Now, how do we perform subtraction?
We negate the second number and perform addition
(why make new logic if we can do negation easily)
Okay, then how do we negate the number?
Ummmmm.
We haven’t shown how to represent negative numbers yet.
The first representation is very human-friendly but does not lead to a good
implementation for addition. Remember – when we add -1 + 5, we want the result to be
4 hopefully using the same addition operation as we already invented for positive
numbers.
Sign-magnitude representation – reserve the top-most bit to be the sign.
0 means positive, 1 means negative.
Let’s try representing -1 + 4
-1: 10000001
4: 00000100
If we add those two we get:
10000101
That is -5. Hmm. That’s not what we wanted.

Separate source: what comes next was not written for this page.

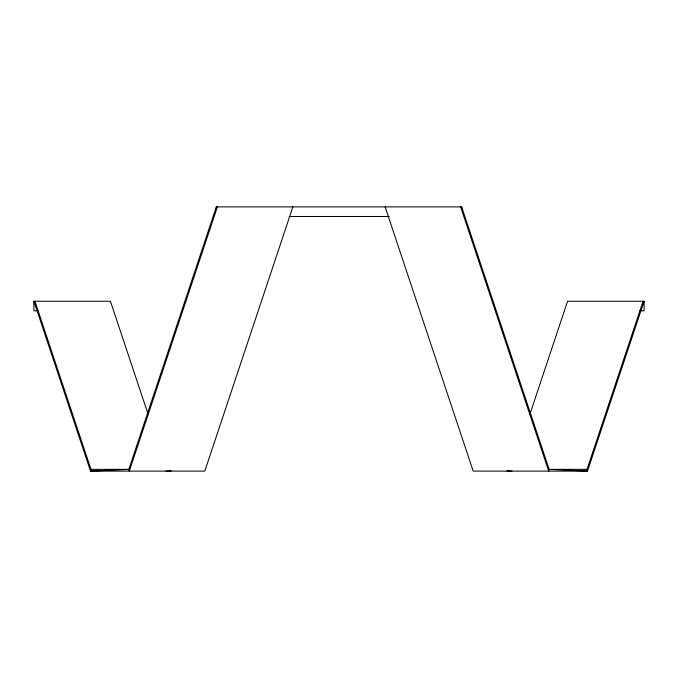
<?xml version="1.0" encoding="UTF-8"?>
<svg xmlns="http://www.w3.org/2000/svg" width="678" height="678" viewBox="0 0 678 678"><rect width="100%" height="100%" fill="white"/><g stroke="black" fill="none" stroke-linecap="round" stroke-linejoin="round"><path stroke-width="1.02" d="M34.951 301.252L90.979 469.354L90.513 471.108L204.798 471.108L292.871 206.892M460.625 206.892L548.688 471.108L549.155 469.354L461.667 206.892L216.333 206.892L128.845 469.354L129.312 471.108L217.375 206.892M529.874 414.317L567.562 301.252L644.1 301.252L644.1 310.846L639.905 310.804M385.129 206.892L473.202 471.108L587.487 471.108L587.021 469.354L643.049 301.252M644.1 301.252L587.487 471.108L549.155 469.354L587.021 469.354M166.008 471.108L171.187 470.871M289.125 216.485L389.341 216.485M38.095 310.804L33.9 310.846L33.9 301.252L110.438 301.252L148.126 414.317M90.979 469.354L128.845 469.354L90.513 471.108L33.9 301.252M506.813 470.871L511.992 471.108M461.667 206.892L461.667 208.816M216.333 206.892L216.333 208.816"/></g></svg>

So even though it’s easy for us to read the
binary number in sign-magnitude, it is not conducive to simple hardware implementation.
One’s Complement
The negative number is the same as positive number, but you flip all of the bits
7: 00000111
-7: 11111000
-1: 11111110
4: 00000100
Add those two and get:
00000010
Well, that’s closer to what we want, but not exact.
It’s off by one.
Thus, they invented:
Two’s Complement – the most widely used representation
Two negate any number (whether it is positive or negative to start out), flip all of the bits
and add 1.
7: 00000111
-7: 11111001
-1: 11111111
4: 00000100
Add them up:
00000011
Hey, that’s 3! Yippee!!!!!
The subtraction logic then becomes very simple – flip all the bits of the second number,
put in an adder, and add 1. Because of a clever adder design, the adding 1 can be done at
the same time, with virtually no additional cost, as the main addition.